#### [Required work]
Below are records with pictures in them; print them exactly, omitting the pictures.

--- Data shown ---

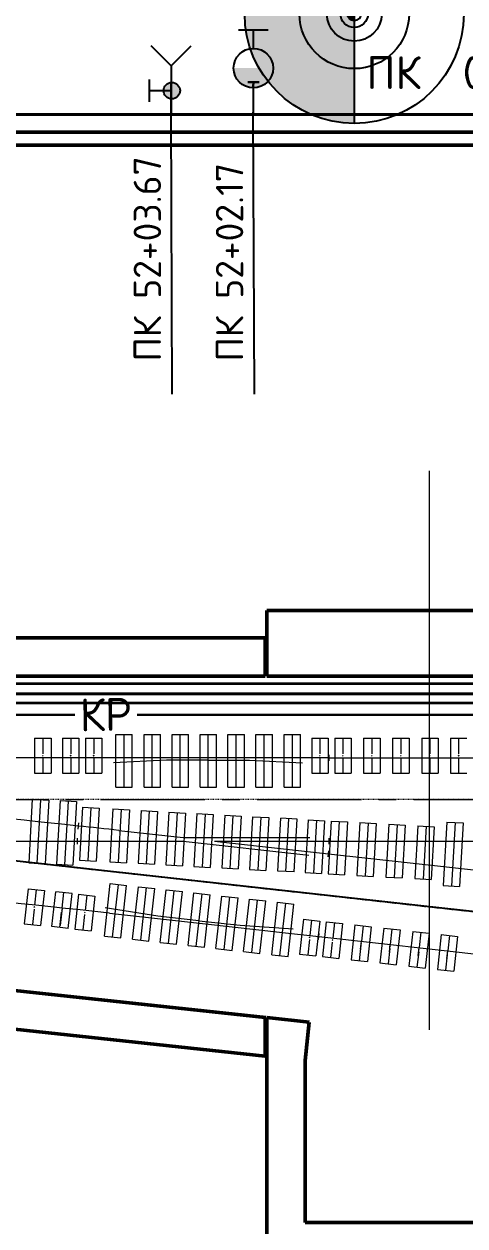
# Paper-space layout 'л2-л8' of a CAD drawing. Header units: millimetres. Extents: x 10032 to 18918, y -3051 to 627.
# Drawn here: x 16832.5 to 16872.8, y -1655.6 to -1546 of the extents above; entities that cross this region are included whole.
import ezdxf

# ---------------------------------------------------------------- set-up
doc = ezdxf.new("R2010")
doc.units = ezdxf.units.MM
doc.header["$LTSCALE"] = 0.5
doc.linetypes.add('CENTER', pattern=[2, 1.25, -0.25, 0.25, -0.25])
doc.linetypes.add('CENTER2', pattern=[28.575, 19.05, -3.175, 3.175, -3.175])
for name, color, linetype in [('1_NADPIS', 7, 'Continuous'), ('ВК_надписи', 7, 'Continuous'), ('ВК_сети', 4, 'Continuous'), ('ГТ_Конструкции', 2, 'Continuous'), ('ГТ_Ось_Пути', 251, 'Continuous'), ('ГТ_Ось_разбивочная', 7, 'Continuous'), ('ГТ_ПК', 2, 'Continuous'), ('ГТ_ПК @ 0.25', 2, 'Continuous'), ('ГТ_ПК @ 0.5', 2, 'Continuous'), ('ГТ_ПК @ 1', 2, 'Continuous'), ('ГТ_ПК @ 2', 2, 'Continuous'), ('ГТ_ПК @ 4', 2, 'Continuous'), ('Эл', 41, 'Continuous')]:
    doc.layers.add(name, color=color, linetype=linetype)
doc.layers.add('А_Конструкции', color=4, linetype='Continuous', lineweight=50)
doc.layers.add('АР_Оси', color=242, linetype='CENTER2', lineweight=18)
doc.styles.add('Стандарт ММП', font='isocpeur.ttf')

# ---------------------------------------------------------------- blocks, each defined once
blk = doc.blocks.new('ПК')
at = {"layer": 'ГТ_ПК'}
blk.add_hatch(color=0, dxfattribs=at).paths.add_polyline_path([(0, -2.5, 0.414214), (2.5, 0, 0.414214), (0, 2.5)])
at = {"layer": 'ГТ_ПК', "color": 0}
blk.add_line((0, -2.5), (0, 2.5), dxfattribs=at)
blk.add_circle((0, 0), 2.5, dxfattribs=at)
blk = doc.blocks.new('*U482')
at = {"layer": 'ГТ_ПК @ 0.25', "extrusion": (9.32183e-09, 7.72587e-22, 1), "xscale": 0.2500000000000059, "yscale": 0.2500000000000053, "zscale": 0.2500000000000053, "rotation": 180}
blk.add_blockref('ПК', (16862.68, -1545.04, 0), dxfattribs=at)
at = {"layer": 'ГТ_ПК @ 0.5', "extrusion": (9.32183e-09, 7.72587e-22, 1), "xscale": 0.5000000000000185, "yscale": 0.5000000000000173, "zscale": 0.5000000000000173, "rotation": 180}
blk.add_blockref('ПК', (16862.68, -1545.04, 0), dxfattribs=at)
at = {"layer": 'ГТ_ПК @ 1', "extrusion": (9.32183e-09, 7.72587e-22, 1), "rotation": 179.9999999999641}
blk.add_blockref('ПК', (16862.68, -1545.04, 0), dxfattribs=at)
at = {"layer": 'ГТ_ПК @ 2', "extrusion": (9.32183e-09, 7.72587e-22, 1), "xscale": 2.000000000000074, "yscale": 2.000000000000069, "zscale": 2.000000000000069, "rotation": 180}
blk.add_blockref('ПК', (16862.68, -1545.04, 0), dxfattribs=at)
at = {"layer": 'ГТ_ПК @ 4', "extrusion": (9.32183e-09, 7.72587e-22, 1), "xscale": 4.000000000000095, "yscale": 4.000000000000085, "zscale": 4.000000000000085, "rotation": 180}
blk.add_blockref('ПК', (16862.68, -1545.04, 0), dxfattribs=at)
blk = doc.blocks.new('A$C51BA2402')
at = {"layer": 'ГТ_Конструкции', "color": 0, "linetype": 'ByBlock', "lineweight": -2}
for p, q in [((14.663, 3.45), (14.663, 2.25)), ((14.663, 3.45), (57.982, 3.45)), ((-2.007, 2.95), (14.633, 2.95)), ((14.633, 2.25), (14.633, 2.95)), ((-2.007, 2.25), (14.633, 2.25)), ((14.663, 2.25), (48.481, 2.25)), ((14.633, -3.979), (7.896, -3.257)), ((14.648, -3.98), (7.896, -3.257)), ((7.833, -3.954), (14.633, -4.683)), ((14.633, -4.683), (14.633, -3.979)), ((14.663, -3.982), (14.663, -8.923)), ((15.438, -4.065), (14.663, -3.982)), ((15.438, -4.065), (14.663, -3.982)), ((15.363, -4.761), (15.438, -4.065)), ((15.363, -7.723), (15.363, -4.761)), ((15.363, -4.761), (15.363, -4.761)), ((20.064, -7.723), (15.363, -7.723))]:
    blk.add_line(p, q, dxfattribs=at)

psp = doc.layouts.new('л2-л8')

# ---------------------------------------------------------------- hatches: boundary and pattern name
at = {"layer": 'ВК_сети', "ltscale": 0.5}
h = psp.add_hatch(color=1, dxfattribs=at)
h.paths.add_polyline_path([(16851.6693, -1549.9902), (16855.2693, -1549.9902, -0.09159777), (16855.1505, -1550.6334), (16851.7881, -1550.6334, -0.09159777)])
h.paths.add_polyline_path([(16851.7881, -1550.6334), (16855.1505, -1550.6334, -0.68812614)])
h = psp.add_hatch(color=1, dxfattribs=at)
h.paths.add_polyline_path([(16851.6693, -1549.9902), (16855.2693, -1549.9902, -0.09159777), (16855.1505, -1550.6334), (16851.7881, -1550.6334, -0.09159777)])
h.paths.add_polyline_path([(16851.7881, -1550.6334), (16855.1505, -1550.6334, -0.68812614)])
h = psp.add_hatch(color=5, dxfattribs=at)
h.paths.add_polyline_path([(16846.7809, -1552.0492, -0.41421356), (16846.0309, -1552.7992), (16846.0309, -1552.0492)])
h.paths.add_polyline_path([(16846.7809, -1552.0492), (16846.0309, -1552.0492), (16846.0309, -1551.2992, -0.41421356)])
h.paths.add_polyline_path([(16846.0309, -1552.0492), (16846.0309, -1552.7992, -0.58408052), (16845.3891, -1551.6612)])
h.paths.add_polyline_path([(16846.0309, -1551.2992), (16846.0309, -1552.0492), (16845.3891, -1551.6612, -0.26256208)])

# ---------------------------------------------------------------- linework, layer by layer
at = {"color": 5, "linetype": 'Continuous', "lineweight": 5, "extrusion": (-2.53793e-14, 1.46875e-08, 1)}
for p, q in [((16840.928, -1615.6159, 0), (16840.928, -1610.7909, 0)), ((16840.928, -1610.7909, 0), (16842.428, -1610.7909, 0)), ((16841.678, -1615.6159, 0), (16841.678, -1610.7909, 0)), ((16842.428, -1615.6159, 0), (16842.428, -1610.7909, 0)), ((16843.503, -1615.6159, 0), (16843.503, -1610.7909, 0)), ((16843.503, -1610.7909, 0), (16845.003, -1610.7909, 0)), ((16844.253, -1615.6159, 0), (16844.253, -1610.7909, 0)), ((16845.003, -1615.6159, 0), (16845.003, -1610.7909, 0)), ((16846.053, -1615.6159, 0), (16846.053, -1610.7909, 0)), ((16846.053, -1610.7909, 0), (16847.553, -1610.7909, 0)), ((16846.803, -1615.6159, 0), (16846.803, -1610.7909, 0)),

---

#### [Written solution]
# Paper-space layout 'л2-л8' of a CAD drawing. Header units: millimetres. Extents: x 10032 to 18918, y -3051 to 627.
# Drawn here: x 16832.5 to 16872.8, y -1655.6 to -1546 of the extents above; entities that cross this region are included whole.
import ezdxf

# ---------------------------------------------------------------- set-up
doc = ezdxf.new("R2010")
doc.units = ezdxf.units.MM
doc.header["$LTSCALE"] = 0.5
doc.linetypes.add('CENTER', pattern=[2, 1.25, -0.25, 0.25, -0.25])
doc.linetypes.add('CENTER2', pattern=[28.575, 19.05, -3.175, 3.175, -3.175])
for name, color, linetype in [('1_NADPIS', 7, 'Continuous'), ('ВК_надписи', 7, 'Continuous'), ('ВК_сети', 4, 'Continuous'), ('ГТ_Конструкции', 2, 'Continuous'), ('ГТ_Ось_Пути', 251, 'Continuous'), ('ГТ_Ось_разбивочная', 7, 'Continuous'), ('ГТ_ПК', 2, 'Continuous'), ('ГТ_ПК @ 0.25', 2, 'Continuous'), ('ГТ_ПК @ 0.5', 2, 'Continuous'), ('ГТ_ПК @ 1', 2, 'Continuous'), ('ГТ_ПК @ 2', 2, 'Continuous'), ('ГТ_ПК @ 4', 2, 'Continuous'), ('Эл', 41, 'Continuous')]:
    doc.layers.add(name, color=color, linetype=linetype)
doc.layers.add('А_Конструкции', color=4, linetype='Continuous', lineweight=50)
doc.layers.add('АР_Оси', color=242, linetype='CENTER2', lineweight=18)
doc.styles.add('Стандарт ММП', font='isocpeur.ttf')

# ---------------------------------------------------------------- blocks, each defined once
blk = doc.blocks.new('ПК')
at = {"layer": 'ГТ_ПК'}
blk.add_hatch(color=0, dxfattribs=at).paths.add_polyline_path([(0, -2.5, 0.414214), (2.5, 0, 0.414214), (0, 2.5)])
at = {"layer": 'ГТ_ПК', "color": 0}
blk.add_line((0, -2.5), (0, 2.5), dxfattribs=at)
blk.add_circle((0, 0), 2.5, dxfattribs=at)
blk = doc.blocks.new('*U482')
at = {"layer": 'ГТ_ПК @ 0.25', "extrusion": (9.32183e-09, 7.72587e-22, 1), "xscale": 0.2500000000000059, "yscale": 0.2500000000000053, "zscale": 0.2500000000000053, "rotation": 180}
blk.add_blockref('ПК', (16862.68, -1545.04, 0), dxfattribs=at)
at = {"layer": 'ГТ_ПК @ 0.5', "extrusion": (9.32183e-09, 7.72587e-22, 1), "xscale": 0.5000000000000185, "yscale": 0.5000000000000173, "zscale": 0.5000000000000173, "rotation": 180}
blk.add_blockref('ПК', (16862.68, -1545.04, 0), dxfattribs=at)
at = {"layer": 'ГТ_ПК @ 1', "extrusion": (9.32183e-09, 7.72587e-22, 1), "rotation": 179.9999999999641}
blk.add_blockref('ПК', (16862.68, -1545.04, 0), dxfattribs=at)
at = {"layer": 'ГТ_ПК @ 2', "extrusion": (9.32183e-09, 7.72587e-22, 1), "xscale": 2.000000000000074, "yscale": 2.000000000000069, "zscale": 2.000000000000069, "rotation": 180}
blk.add_blockref('ПК', (16862.68, -1545.04, 0), dxfattribs=at)
at = {"layer": 'ГТ_ПК @ 4', "extrusion": (9.32183e-09, 7.72587e-22, 1), "xscale": 4.000000000000095, "yscale": 4.000000000000085, "zscale": 4.000000000000085, "rotation": 180}
blk.add_blockref('ПК', (16862.68, -1545.04, 0), dxfattribs=at)
blk = doc.blocks.new('A$C51BA2402')
at = {"layer": 'ГТ_Конструкции', "color": 0, "linetype": 'ByBlock', "lineweight": -2}
for p, q in [((14.663, 3.45), (14.663, 2.25)), ((14.663, 3.45), (57.982, 3.45)), ((-2.007, 2.95), (14.633, 2.95)), ((14.633, 2.25), (14.633, 2.95)), ((-2.007, 2.25), (14.633, 2.25)), ((14.663, 2.25), (48.481, 2.25)), ((14.633, -3.979), (7.896, -3.257)), ((14.648, -3.98), (7.896, -3.257)), ((7.833, -3.954), (14.633, -4.683)), ((14.633, -4.683), (14.633, -3.979)), ((14.663, -3.982), (14.663, -8.923)), ((15.438, -4.065), (14.663, -3.982)), ((15.438, -4.065), (14.663, -3.982)), ((15.363, -4.761), (15.438, -4.065)), ((15.363, -7.723), (15.363, -4.761)), ((15.363, -4.761), (15.363, -4.761)), ((20.064, -7.723), (15.363, -7.723))]:
    blk.add_line(p, q, dxfattribs=at)

psp = doc.layouts.new('л2-л8')

# ---------------------------------------------------------------- hatches: boundary and pattern name
at = {"layer": 'ВК_сети', "ltscale": 0.5}
h = psp.add_hatch(color=1, dxfattribs=at)
h.paths.add_polyline_path([(16851.6693, -1549.9902), (16855.2693, -1549.9902, -0.09159777), (16855.1505, -1550.6334), (16851.7881, -1550.6334, -0.09159777)])
h.paths.add_polyline_path([(16851.7881, -1550.6334), (16855.1505, -1550.6334, -0.68812614)])
h = psp.add_hatch(color=1, dxfattribs=at)
h.paths.add_polyline_path([(16851.6693, -1549.9902), (16855.2693, -1549.9902, -0.09159777), (16855.1505, -1550.6334), (16851.7881, -1550.6334, -0.09159777)])
h.paths.add_polyline_path([(16851.7881, -1550.6334), (16855.1505, -1550.6334, -0.68812614)])
h = psp.add_hatch(color=5, dxfattribs=at)
h.paths.add_polyline_path([(16846.7809, -1552.0492, -0.41421356), (16846.0309, -1552.7992), (16846.0309, -1552.0492)])
h.paths.add_polyline_path([(16846.7809, -1552.0492), (16846.0309, -1552.0492), (16846.0309, -1551.2992, -0.41421356)])
h.paths.add_polyline_path([(16846.0309, -1552.0492), (16846.0309, -1552.7992, -0.58408052), (16845.3891, -1551.6612)])
h.paths.add_polyline_path([(16846.0309, -1551.2992), (16846.0309, -1552.0492), (16845.3891, -1551.6612, -0.26256208)])

# ---------------------------------------------------------------- linework, layer by layer
at = {"color": 5, "linetype": 'Continuous', "lineweight": 5, "extrusion": (-2.53793e-14, 1.46875e-08, 1)}
for p, q in [((16840.928, -1615.6159, 0), (16840.928, -1610.7909, 0)), ((16840.928, -1610.7909, 0), (16842.428, -1610.7909, 0)), ((16841.678, -1615.6159, 0), (16841.678, -1610.7909, 0)), ((16842.428, -1615.6159, 0), (16842.428, -1610.7909, 0)), ((16843.503, -1615.6159, 0), (16843.503, -1610.7909, 0)), ((16843.503, -1610.7909, 0), (16845.003, -1610.7909, 0)), ((16844.253, -1615.6159, 0), (16844.253, -1610.7909, 0)), ((16845.003, -1615.6159, 0), (16845.003, -1610.7909, 0)), ((16846.053, -1615.6159, 0), (16846.053, -1610.7909, 0)), ((16846.053, -1610.7909, 0), (16847.553, -1610.7909, 0)), ((16846.803, -1615.6159, 0), (16846.803, -1610.7909, 0)),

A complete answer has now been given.